Что простите? Когда я пропустил этот момент? Я попал сюда, после дискуссии с Эмили насчет мальчиковых поп-групп, она обозвала меня расисткой, хотя это вообще не имело отношение к нашему диалогу. Что, где, когда. Можно я просто уйду и завалюсь в свою уютную постель?
Я понял.
Я понял.
Я понял.
Мальчиковые группы все еще мне не нравятся. Я не расист. Я понял. Говорю я и спешно покидаю ее кабинет. Эмили – лгунья, хочется взять ее за шиворот и отвести за угол.
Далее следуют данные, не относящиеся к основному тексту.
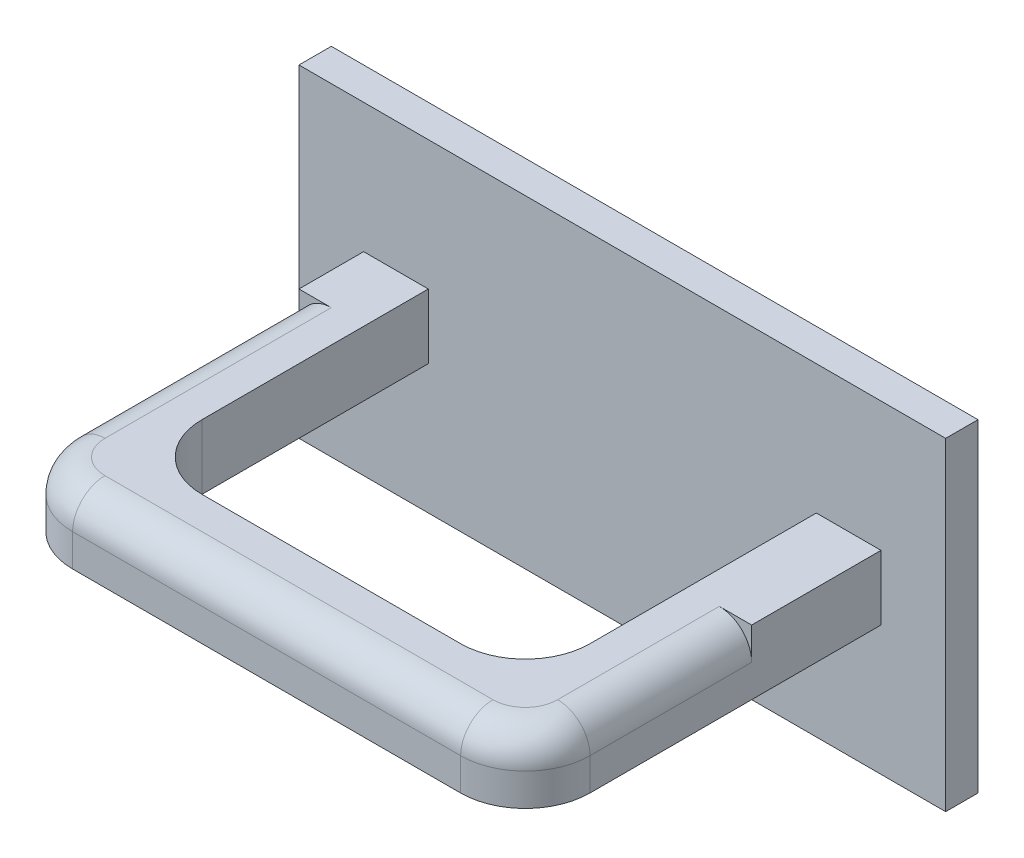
ISO-10303-21;
HEADER;
FILE_DESCRIPTION(('STEP AP214'),'2;1');
FILE_NAME('part.step','',(''),(''),'','','');
FILE_SCHEMA(('AUTOMOTIVE_DESIGN { 1 0 10303 214 1 1 1 1 }'));
ENDSEC;
DATA;
#1=APPLICATION_CONTEXT('core data for automotive mechanical design processes');
#2=APPLICATION_PROTOCOL_DEFINITION('international standard','automotive_design',2000,#1);
#3=PRODUCT_CONTEXT('',#1,'mechanical');
#4=PRODUCT('Part','Part','',(#3));
#5=PRODUCT_RELATED_PRODUCT_CATEGORY('part','',(#4));
#6=PRODUCT_DEFINITION_FORMATION('','',#4);
#7=PRODUCT_DEFINITION_CONTEXT('part definition',#1,'design');
#8=PRODUCT_DEFINITION('design','',#6,#7);
#9=PRODUCT_DEFINITION_SHAPE('','',#8);
#10=(LENGTH_UNIT() NAMED_UNIT(*) SI_UNIT(.MILLI.,.METRE.));
#11=(NAMED_UNIT(*) PLANE_ANGLE_UNIT() SI_UNIT($,.RADIAN.));
#12=(NAMED_UNIT(*) SI_UNIT($,.STERADIAN.) SOLID_ANGLE_UNIT());
#13=UNCERTAINTY_MEASURE_WITH_UNIT(LENGTH_MEASURE(1.E-05),#10,'distance_accuracy_value','');
#14=(GEOMETRIC_REPRESENTATION_CONTEXT(3) GLOBAL_UNCERTAINTY_ASSIGNED_CONTEXT((#13)) GLOBAL_UNIT_ASSIGNED_CONTEXT((#10,
#11,#12)) REPRESENTATION_CONTEXT('',''));
#15=CARTESIAN_POINT('',(0.,0.,0.));
#16=DIRECTION('',(0.,0.,1.));
#17=DIRECTION('',(1.,0.,0.));
#18=AXIS2_PLACEMENT_3D('',#15,#16,#17);
#19=CARTESIAN_POINT('',(-50.,25.,5.));
#20=DIRECTION('',(1.,0.,0.));
#21=DIRECTION('',(0.,1.,0.));
#22=AXIS2_PLACEMENT_3D('',#19,#20,#21);
#23=PLANE('',#22);
#24=DIRECTION('',(0.,-1.,0.));
#25=VECTOR('',#24,1.);
#26=CARTESIAN_POINT('',(-50.,25.,0.));
#27=LINE('',#26,#25);
#28=CARTESIAN_POINT('',(-50.,25.,0.));
#29=VERTEX_POINT('',#28);
#30=CARTESIAN_POINT('',(-50.,-25.,0.));
#31=VERTEX_POINT('',#30);
#32=EDGE_CURVE('E216',#29,#31,#27,.T.);
#33=ORIENTED_EDGE('',*,*,#32,.T.);
#34=DIRECTION('',(0.,0.,-1.));
#35=VECTOR('',#34,1.);
#36=CARTESIAN_POINT('',(-50.,-25.,5.));
#37=LINE('',#36,#35);
#38=CARTESIAN_POINT('',(-50.,-25.,5.));
#39=VERTEX_POINT('',#38);
#40=EDGE_CURVE('E264',#39,#31,#37,.T.);
#41=ORIENTED_EDGE('',*,*,#40,.F.);
#42=DIRECTION('',(0.,-1.,0.));
#43=VECTOR('',#42,1.);
#44=CARTESIAN_POINT('',(-50.,25.,5.));
#45=LINE('',#44,#43);
#46=CARTESIAN_POINT('',(-50.,25.,5.));
#47=VERTEX_POINT('',#46);
#48=EDGE_CURVE('E229',#47,#39,#45,.T.);
#49=ORIENTED_EDGE('',*,*,#48,.F.);
#50=DIRECTION('',(0.,0.,-1.));
#51=VECTOR('',#50,1.);
#52=CARTESIAN_POINT('',(-50.,25.,5.));
#53=LINE('',#52,#51);
#54=EDGE_CURVE('E244',#47,#29,#53,.T.);
#55=ORIENTED_EDGE('',*,*,#54,.T.);
#56=EDGE_LOOP('',(#33,#41,#49,#55));
#57=FACE_BOUND('',#56,.T.);
#58=ADVANCED_FACE('F42',(#57),#23,.F.);
#59=CARTESIAN_POINT('',(-50.,-25.,5.));
#60=DIRECTION('',(0.,1.,0.));
#61=DIRECTION('',(0.,0.,1.));
#62=AXIS2_PLACEMENT_3D('',#59,#60,#61);
#63=PLANE('',#62);
#64=DIRECTION('',(1.,0.,0.));
#65=VECTOR('',#64,1.);
#66=CARTESIAN_POINT('',(-50.,-25.,0.));
#67=LINE('',#66,#65);
#68=CARTESIAN_POINT('',(50.,-25.,0.));
#69=VERTEX_POINT('',#68);
#70=EDGE_CURVE('E222',#31,#69,#67,.T.);
#71=ORIENTED_EDGE('',*,*,#70,.T.);
#72=DIRECTION('',(0.,0.,-1.));
#73=VECTOR('',#72,1.);
#74=CARTESIAN_POINT('',(50.,-25.,5.));
#75=LINE('',#74,#73);
#76=CARTESIAN_POINT('',(50.,-25.,5.));
#77=VERTEX_POINT('',#76);
#78=EDGE_CURVE('E261',#77,#69,#75,.T.);
#79=ORIENTED_EDGE('',*,*,#78,.F.);
#80=DIRECTION('',(1.,0.,0.));
#81=VECTOR('',#80,1.);
#82=CARTESIAN_POINT('',(-50.,-25.,5.));
#83=LINE('',#82,#81);
#84=EDGE_CURVE('E233',#39,#77,#83,.T.);
#85=ORIENTED_EDGE('',*,*,#84,.F.);
#86=ORIENTED_EDGE('',*,*,#40,.T.);
#87=EDGE_LOOP('',(#71,#79,#85,#86));
#88=FACE_BOUND('',#87,.T.);
#89=ADVANCED_FACE('F474',(#88),#63,.F.);
#90=CARTESIAN_POINT('',(50.,25.,5.));
#91=DIRECTION('',(1.,0.,0.));
#92=DIRECTION('',(0.,1.,0.));
#93=AXIS2_PLACEMENT_3D('',#90,#91,#92);
#94=PLANE('',#93);
#95=DIRECTION('',(0.,-1.,0.));
#96=VECTOR('',#95,1.);
#97=CARTESIAN_POINT('',(50.,25.,0.));
#98=LINE('',#97,#96);
#99=CARTESIAN_POINT('',(50.,25.,0.));
#100=VERTEX_POINT('',#99);
#101=EDGE_CURVE('E249',#100,#69,#98,.T.);
#102=ORIENTED_EDGE('',*,*,#101,.F.);
#103=DIRECTION('',(0.,0.,-1.));
#104=VECTOR('',#103,1.);
#105=CARTESIAN_POINT('',(50.,25.,5.));
#106=LINE('',#105,#104);
#107=CARTESIAN_POINT('',(50.,25.,5.));
#108=VERTEX_POINT('',#107);
#109=EDGE_CURVE('E258',#108,#100,#106,.T.);
#110=ORIENTED_EDGE('',*,*,#109,.F.);
#111=DIRECTION('',(0.,-1.,0.));
#112=VECTOR('',#111,1.);
#113=CARTESIAN_POINT('',(50.,25.,5.));
#114=LINE('',#113,#112);
#115=EDGE_CURVE('E237',#108,#77,#114,.T.);
#116=ORIENTED_EDGE('',*,*,#115,.T.);
#117=ORIENTED_EDGE('',*,*,#78,.T.);
#118=EDGE_LOOP('',(#102,#110,#116,#117));
#119=FACE_BOUND('',#118,.T.);
#120=ADVANCED_FACE('F480',(#119),#94,.T.);
#121=CARTESIAN_POINT('',(-50.,25.,5.));
#122=DIRECTION('',(0.,1.,0.));
#123=DIRECTION('',(0.,0.,1.));
#124=AXIS2_PLACEMENT_3D('',#121,#122,#123);
#125=PLANE('',#124);
#126=DIRECTION('',(1.,0.,0.));
#127=VECTOR('',#126,1.);
#128=CARTESIAN_POINT('',(-50.,25.,0.));
#129=LINE('',#128,#127);
#130=EDGE_CURVE('E234',#29,#100,#129,.T.);
#131=ORIENTED_EDGE('',*,*,#130,.F.);
#132=ORIENTED_EDGE('',*,*,#54,.F.);
#133=DIRECTION('',(1.,0.,0.));
#134=VECTOR('',#133,1.);
#135=CARTESIAN_POINT('',(-50.,25.,5.));
#136=LINE('',#135,#134);
#137=EDGE_CURVE('E241',#47,#108,#136,.T.);
#138=ORIENTED_EDGE('',*,*,#137,.T.);
#139=ORIENTED_EDGE('',*,*,#109,.T.);
#140=EDGE_LOOP('',(#131,#132,#138,#139));
#141=FACE_BOUND('',#140,.T.);
#142=ADVANCED_FACE('F656',(#141),#125,.T.);
#143=CARTESIAN_POINT('',(0.,0.,5.));
#144=DIRECTION('',(0.,0.,1.));
#145=DIRECTION('',(1.,0.,0.));
#146=AXIS2_PLACEMENT_3D('',#143,#144,#145);
#147=PLANE('',#146);
#148=DIRECTION('',(-1.,0.,0.));
#149=VECTOR('',#148,1.);
#150=CARTESIAN_POINT('',(40.,5.,5.));
#151=LINE('',#150,#149);
#152=CARTESIAN_POINT('',(40.,5.,5.));
#153=VERTEX_POINT('',#152);
#154=CARTESIAN_POINT('',(30.,5.,5.));
#155=VERTEX_POINT('',#154);
#156=EDGE_CURVE('E438',#153,#155,#151,.T.);
#157=ORIENTED_EDGE('',*,*,#156,.F.);
#158=DIRECTION('',(0.,-1.,0.));
#159=VECTOR('',#158,1.);
#160=CARTESIAN_POINT('',(40.,5.,5.));
#161=LINE('',#160,#159);
#162=CARTESIAN_POINT('',(40.,-5.,5.));
#163=VERTEX_POINT('',#162);
#164=EDGE_CURVE('E217',#153,#163,#161,.T.);
#165=ORIENTED_EDGE('',*,*,#164,.T.);
#166=DIRECTION('',(-1.,0.,0.));
#167=VECTOR('',#166,1.);
#168=CARTESIAN_POINT('',(40.,-5.,5.));
#169=LINE('',#168,#167);
#170=CARTESIAN_POINT('',(30.,-5.,5.));
#171=VERTEX_POINT('',#170);
#172=EDGE_CURVE('E390',#163,#171,#169,.T.);
#173=ORIENTED_EDGE('',*,*,#172,.T.);
#174=DIRECTION('',(0.,-1.,0.));
#175=VECTOR('',#174,1.);
#176=CARTESIAN_POINT('',(30.,5.,5.));
#177=LINE('',#176,#175);
#178=EDGE_CURVE('E225',#155,#171,#177,.T.);
#179=ORIENTED_EDGE('',*,*,#178,.F.);
#180=EDGE_LOOP('',(#157,#165,#173,#179));
#181=FACE_BOUND('',#180,.T.);
#182=DIRECTION('',(-1.,0.,0.));
#183=VECTOR('',#182,1.);
#184=CARTESIAN_POINT('',(-30.,5.,5.));
#185=LINE('',#184,#183);
#186=CARTESIAN_POINT('',(-30.,5.,5.));
#187=VERTEX_POINT('',#186);
#188=CARTESIAN_POINT('',(-40.,5.,5.));
#189=VERTEX_POINT('',#188);
#190=EDGE_CURVE('E198',#187,#189,#185,.T.);
#191=ORIENTED_EDGE('',*,*,#190,.F.);
#192=DIRECTION('',(0.,-1.,0.));
#193=VECTOR('',#192,1.);
#194=CARTESIAN_POINT('',(-30.,5.,5.));
#195=LINE('',#194,#193);
#196=CARTESIAN_POINT('',(-30.,-5.,5.));
#197=VERTEX_POINT('',#196);
#198=EDGE_CURVE('E404',#187,#197,#195,.T.);
#199=ORIENTED_EDGE('',*,*,#198,.T.);
#200=DIRECTION('',(-1.,0.,0.));
#201=VECTOR('',#200,1.);
#202=CARTESIAN_POINT('',(-30.,-5.,5.));
#203=LINE('',#202,#201);
#204=CARTESIAN_POINT('',(-40.,-5.,5.));
#205=VERTEX_POINT('',#204);
#206=EDGE_CURVE('E214',#197,#205,#203,.T.);
#207=ORIENTED_EDGE('',*,*,#206,.T.);
#208=DIRECTION('',(0.,-1.,0.));
#209=VECTOR('',#208,1.);
#210=CARTESIAN_POINT('',(-40.,5.,5.));
#211=LINE('',#210,#209);
#212=EDGE_CURVE('E191',#189,#205,#211,.T.);
#213=ORIENTED_EDGE('',*,*,#212,.F.);
#214=EDGE_LOOP('',(#191,#199,#207,#213));
#215=FACE_BOUND('',#214,.T.);
#216=ORIENTED_EDGE('',*,*,#48,.T.);
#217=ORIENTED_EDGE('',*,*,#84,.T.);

Ты лгунья Эмили! Из-за тебя я просидел тридцать две минуты в кабинете психолога! Чего ты хочешь! Обед. Сегодня такой же дерьмовый ланч как и всегда. Хотя, здесь он всегда дерьмовый. Но своего апогея дерьмовости мой ланч достиг именно сегодня: на старом лакированном столе из дерева правильной прямоугольной формы и исписанном тупыми признаниями в любви, стоит обычный металлический поднос. Справа-нож, слева-вилка. Так требует этикет. В центре подноса стоит тарелка, в которую как-то небрежно навалено вонючее пюре. Серьёзно, я думаю повар давил его ногами которые мыл… Никогда. К картофелю прибавляется обжаренный резиновый тапок, который здесь называют "ростбиф". Наипротивнейший клюквенный морс-слюни блюющей кровью обезьяны. Пятна на банане напоминали мне круги под моими глазами, бесконечная черная дыра. Но одно, зато решено, если я нечаянно убью кого-нибудь в порыве гнева (что вообще исключено с моим характером), я знаю куда спрятать этот труп. Банан ягода или фрукт? Я перестал спать после того, как узнал о болезни моей матери. Все-таки фрукт. А к психологу я ходил из-за того, что иногда просто падал на парту и засыпал. Иногда просыпался у психолога, а временами в пустом кабинете со злым учителем, стоящим передо мной. Но оно ведь растет на дереве, как и все остальные ягоды? Дома я бывал чаще чем обычно, мне хотелось провести весь остаток своей жизни со своей матерью. Хоть она и не знала настоящего меня, знает ли кто-нибудь вообще настоящего меня? Телепатия ведь не работает, а настоящее чувство не передать. Никакими словами. Ужин подан, говорю я ей и усаживаю за стол.
Я люблю тебя.
Я люблю тебя.
Я люблю тебя.
Но выходит из меня только сухое «Как ты?». Будто что-то изменится. Телепатия не работает. Банан фрукт. Я не расист.